9. If you have the ability to do so, splurge on cute maternity clothes. You’ll feel much better if you look good. Giant t shirts are fine, but a good maternity dress that doesn’t feel like a tent is a game-changer.
10. Just because your friends didn’t experience certain symptoms, doesn’t mean you’re a weirdo. When I started losing hair in my second trimester, I freaked. And, none of my friends had the same issue, so I felt alone. My doctor has had to reassure me more than once that it’s normal.
11. Crying is 100% acceptable. So is over-reacting. This is the one time in your life when you can get away with it without losing friends. This applies to during and after. Especially after. Good God, the emotional roller coaster postpartum is.
12. No matter how much reading you do, how many classes you attend, and how many videos you watch, nothing prepares you for the moment of giving birth. Your body was made to do this. Don’t forget that.
13. You can’t plan it, so don’t even try. I wanted to go unmedicated and have a vaginal delivery (TMI? We’re a little late for that, donchathink?). I took all the classes (12 total), hired a doula, watched videos and prepared, exercised, ate healthy… And then wound up with pre-eclampsia and in the hospital at 31 weeks with an emergency C-section. I attended my baby shower 6 days after delivery, went to work the Monday after I was released from the hospital (7 days post c-section) and put together the last of the nursery while she was in the NICU. I definitely would not have wanted it that way, but it’s how my cookie crumbled and I like cookies, so I’m gonna go ahead and eat it. That was a weird metaphor. Oh well, you get my point.
14. And lastly, I learned how amazing my husband is. He saw things I wouldn’t wish upon anyone. He fought the flu with me in the hospital on a very uncomfortable bed, helped me to the bathroom more times than I can count, visited our daughter when I couldn’t leave the room, and treated me with more respect and care than I think I deserve. This was the most humbling experience of my life and he never once made me feel anything but beautiful. He is the reason I’m still standing and not defeated. This was the hardest experience of my life and there’s no way in the world I could have survived it without him by my side. Pregnancy taught me what real love is.

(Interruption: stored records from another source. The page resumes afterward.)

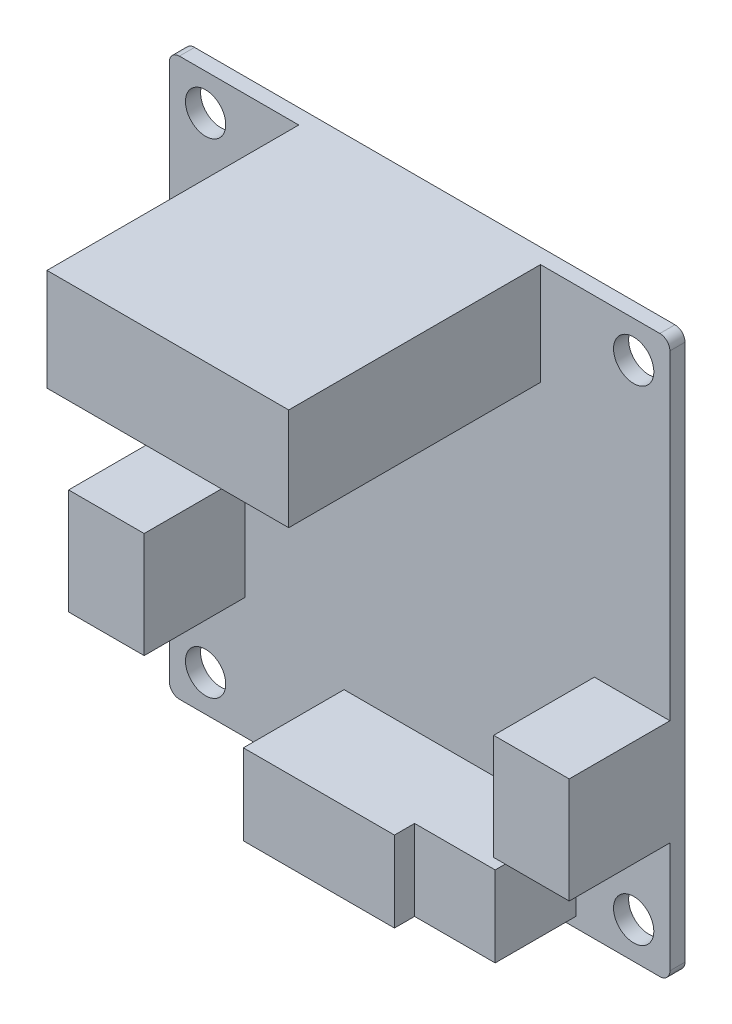
ISO-10303-21;
HEADER;
FILE_DESCRIPTION(('STEP AP214'),'2;1');
FILE_NAME('part.step','',(''),(''),'','','');
FILE_SCHEMA(('AUTOMOTIVE_DESIGN { 1 0 10303 214 1 1 1 1 }'));
ENDSEC;
DATA;
#1=APPLICATION_CONTEXT('core data for automotive mechanical design processes');
#2=APPLICATION_PROTOCOL_DEFINITION('international standard','automotive_design',2000,#1);
#3=PRODUCT_CONTEXT('',#1,'mechanical');
#4=PRODUCT('Part','Part','',(#3));
#5=PRODUCT_RELATED_PRODUCT_CATEGORY('part','',(#4));
#6=PRODUCT_DEFINITION_FORMATION('','',#4);
#7=PRODUCT_DEFINITION_CONTEXT('part definition',#1,'design');
#8=PRODUCT_DEFINITION('design','',#6,#7);
#9=PRODUCT_DEFINITION_SHAPE('','',#8);
#10=(LENGTH_UNIT() NAMED_UNIT(*) SI_UNIT(.MILLI.,.METRE.));
#11=(NAMED_UNIT(*) PLANE_ANGLE_UNIT() SI_UNIT($,.RADIAN.));
#12=(NAMED_UNIT(*) SI_UNIT($,.STERADIAN.) SOLID_ANGLE_UNIT());
#13=UNCERTAINTY_MEASURE_WITH_UNIT(LENGTH_MEASURE(1.E-05),#10,'distance_accuracy_value','');
#14=(GEOMETRIC_REPRESENTATION_CONTEXT(3) GLOBAL_UNCERTAINTY_ASSIGNED_CONTEXT((#13)) GLOBAL_UNIT_ASSIGNED_CONTEXT((#10,
#11,#12)) REPRESENTATION_CONTEXT('',''));
#15=CARTESIAN_POINT('',(0.,0.,0.));
#16=DIRECTION('',(0.,0.,1.));
#17=DIRECTION('',(1.,0.,0.));
#18=AXIS2_PLACEMENT_3D('',#15,#16,#17);
#19=CARTESIAN_POINT('',(0.,0.,1.5));
#20=DIRECTION('',(0.,0.,-1.));
#21=DIRECTION('',(-1.,0.,0.));
#22=AXIS2_PLACEMENT_3D('',#19,#20,#21);
#23=PLANE('',#22);
#24=CARTESIAN_POINT('',(3.6,3.6,1.5));
#25=DIRECTION('',(0.,0.,1.));
#26=DIRECTION('',(-1.,0.,0.));
#27=AXIS2_PLACEMENT_3D('',#24,#25,#26);
#28=CIRCLE('',#27,2.);
#29=CARTESIAN_POINT('',(1.6,3.6,1.5));
#30=VERTEX_POINT('',#29);
#31=EDGE_CURVE('E430',#30,#30,#28,.T.);
#32=ORIENTED_EDGE('',*,*,#31,.F.);
#33=EDGE_LOOP('',(#32));
#34=FACE_BOUND('',#33,.T.);
#35=CARTESIAN_POINT('',(46.1,51.7,1.5));
#36=DIRECTION('',(0.,0.,1.));
#37=DIRECTION('',(-1.,0.,0.));
#38=AXIS2_PLACEMENT_3D('',#35,#36,#37);
#39=CIRCLE('',#38,2.);
#40=CARTESIAN_POINT('',(44.1,51.7,1.5));
#41=VERTEX_POINT('',#40);
#42=EDGE_CURVE('E418',#41,#41,#39,.T.);
#43=ORIENTED_EDGE('',*,*,#42,.F.);
#44=EDGE_LOOP('',(#43));
#45=FACE_BOUND('',#44,.T.);
#46=CARTESIAN_POINT('',(3.6,51.7,1.5));
#47=DIRECTION('',(0.,0.,1.));
#48=DIRECTION('',(1.,0.,0.));
#49=AXIS2_PLACEMENT_3D('',#46,#47,#48);
#50=CIRCLE('',#49,2.);
#51=CARTESIAN_POINT('',(5.6,51.7,1.5));
#52=VERTEX_POINT('',#51);
#53=EDGE_CURVE('E352',#52,#52,#50,.T.);
#54=ORIENTED_EDGE('',*,*,#53,.F.);
#55=EDGE_LOOP('',(#54));
#56=FACE_BOUND('',#55,.T.);
#57=CARTESIAN_POINT('',(46.1,3.6,1.5));
#58=DIRECTION('',(0.,0.,1.));
#59=DIRECTION('',(1.,0.,0.));
#60=AXIS2_PLACEMENT_3D('',#57,#58,#59);
#61=CIRCLE('',#60,2.);
#62=CARTESIAN_POINT('',(48.1,3.6,1.5));
#63=VERTEX_POINT('',#62);
#64=EDGE_CURVE('E424',#63,#63,#61,.T.);
#65=ORIENTED_EDGE('',*,*,#64,.F.);
#66=EDGE_LOOP('',(#65));
#67=FACE_BOUND('',#66,.T.);
#68=DIRECTION('',(1.,0.,0.));
#69=VECTOR('',#68,1.);
#70=CARTESIAN_POINT('',(49.7,12.,1.5));
#71=LINE('',#70,#69);
#72=CARTESIAN_POINT('',(42.2,12.,1.5));
#73=VERTEX_POINT('',#72);
#74=CARTESIAN_POINT('',(49.7,12.,1.5));
#75=VERTEX_POINT('',#74);
#76=EDGE_CURVE('E58',#73,#75,#71,.T.);
#77=ORIENTED_EDGE('',*,*,#76,.F.);
#78=DIRECTION('',(0.,-1.,0.));
#79=VECTOR('',#78,1.);
#80=CARTESIAN_POINT('',(42.2,12.,1.5));
#81=LINE('',#80,#79);
#82=CARTESIAN_POINT('',(42.2,22.5,1.5));
#83=VERTEX_POINT('',#82);
#84=EDGE_CURVE('E244',#83,#73,#81,.T.);
#85=ORIENTED_EDGE('',*,*,#84,.F.);
#86=DIRECTION('',(-1.,0.,0.));
#87=VECTOR('',#86,1.);
#88=CARTESIAN_POINT('',(49.7,22.5,1.5));
#89=LINE('',#88,#87);
#90=CARTESIAN_POINT('',(49.7,22.5,1.5));
#91=VERTEX_POINT('',#90);
#92=EDGE_CURVE('E252',#91,#83,#89,.T.);
#93=ORIENTED_EDGE('',*,*,#92,.F.);
#94=DIRECTION('',(0.,1.,0.));
#95=VECTOR('',#94,1.);
#96=CARTESIAN_POINT('',(49.7,0.,1.5));
#97=LINE('',#96,#95);
#98=CARTESIAN_POINT('',(49.7,54.3,1.5));
#99=VERTEX_POINT('',#98);
#100=EDGE_CURVE('E413',#91,#99,#97,.T.);
#101=ORIENTED_EDGE('',*,*,#100,.T.);
#102=CARTESIAN_POINT('',(48.7,54.3,1.5));
#103=DIRECTION('',(0.,0.,-1.));
#104=DIRECTION('',(-1.,0.,0.));
#105=AXIS2_PLACEMENT_3D('',#102,#103,#104);
#106=CIRCLE('',#105,1.);
#107=CARTESIAN_POINT('',(48.7,55.3,1.5));
#108=VERTEX_POINT('',#107);
#109=EDGE_CURVE('E383',#99,#108,#106,.F.);
#110=ORIENTED_EDGE('',*,*,#109,.T.);
#111=DIRECTION('',(-1.,0.,0.));
#112=VECTOR('',#111,1.);
#113=CARTESIAN_POINT('',(0.,55.3,1.5));
#114=LINE('',#113,#112);
#115=CARTESIAN_POINT('',(36.85,55.3,1.5));
#116=VERTEX_POINT('',#115);
#117=EDGE_CURVE('E341',#108,#116,#114,.T.);
#118=ORIENTED_EDGE('',*,*,#117,.T.);
#119=DIRECTION('',(0.,1.,0.));
#120=VECTOR('',#119,1.);
#121=CARTESIAN_POINT('',(36.85,45.172543808363,1.5));
#122=LINE('',#121,#120);
#123=CARTESIAN_POINT('',(36.85,45.172543808363,1.5));
#124=VERTEX_POINT('',#123);
#125=EDGE_CURVE('E302',#124,#116,#122,.T.);
#126=ORIENTED_EDGE('',*,*,#125,.F.);
#127=DIRECTION('',(1.,0.,0.));
#128=VECTOR('',#127,1.);
#129=CARTESIAN_POINT('',(12.85,45.172543808363,1.5));
#130=LINE('',#129,#128);
#131=CARTESIAN_POINT('',(12.85,45.172543808363,1.5));
#132=VERTEX_POINT('',#131);
#133=EDGE_CURVE('E309',#132,#124,#130,.T.);
#134=ORIENTED_EDGE('',*,*,#133,.F.);
#135=DIRECTION('',(0.,-1.,0.));
#136=VECTOR('',#135,1.);
#137=CARTESIAN_POINT('',(12.85,45.172543808363,1.5));
#138=LINE('',#137,#136);
#139=CARTESIAN_POINT('',(12.85,55.3,1.5));
#140=VERTEX_POINT('',#139);
#141=EDGE_CURVE('E297',#140,#132,#138,.T.);
#142=ORIENTED_EDGE('',*,*,#141,.F.);
#143=CARTESIAN_POINT('',(1.,55.3,1.5));
#144=VERTEX_POINT('',#143);
#145=EDGE_CURVE('E338',#140,#144,#114,.T.);
#146=ORIENTED_EDGE('',*,*,#145,.T.);
#147=CARTESIAN_POINT('',(1.,54.3,1.5));
#148=DIRECTION('',(0.,0.,-1.));
#149=DIRECTION('',(-1.,0.,0.));
#150=AXIS2_PLACEMENT_3D('',#147,#148,#149);
#151=CIRCLE('',#150,1.);
#152=CARTESIAN_POINT('',(0.,54.3,1.5));
#153=VERTEX_POINT('',#152);
#154=EDGE_CURVE('E381',#144,#153,#151,.F.);
#155=ORIENTED_EDGE('',*,*,#154,.T.);
#156=DIRECTION('',(0.,-1.,0.));
#157=VECTOR('',#156,1.);
#158=CARTESIAN_POINT('',(0.,0.,1.5));
#159=LINE('',#158,#157);
#160=CARTESIAN_POINT('',(0.,22.5,1.5));
#161=VERTEX_POINT('',#160);
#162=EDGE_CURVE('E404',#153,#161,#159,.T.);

You and your pregnancy are exactly that. Yours. It’s a time when you get to learn so much about yourself, your body and your partner. Be in the moment, enjoy every second, and WRITE ABOUT IT (I invested in a fantastic journal HERE). Take LOTS of cheesy pregnancy pics, because when that bump is gone, you will miss it and there will be days when you can’t remember what it felt like. Pictures are worth so much more than you think… for you and that little life inside you.
And, find a way to tell your story afterwards. Because someone somewhere needs to hear it.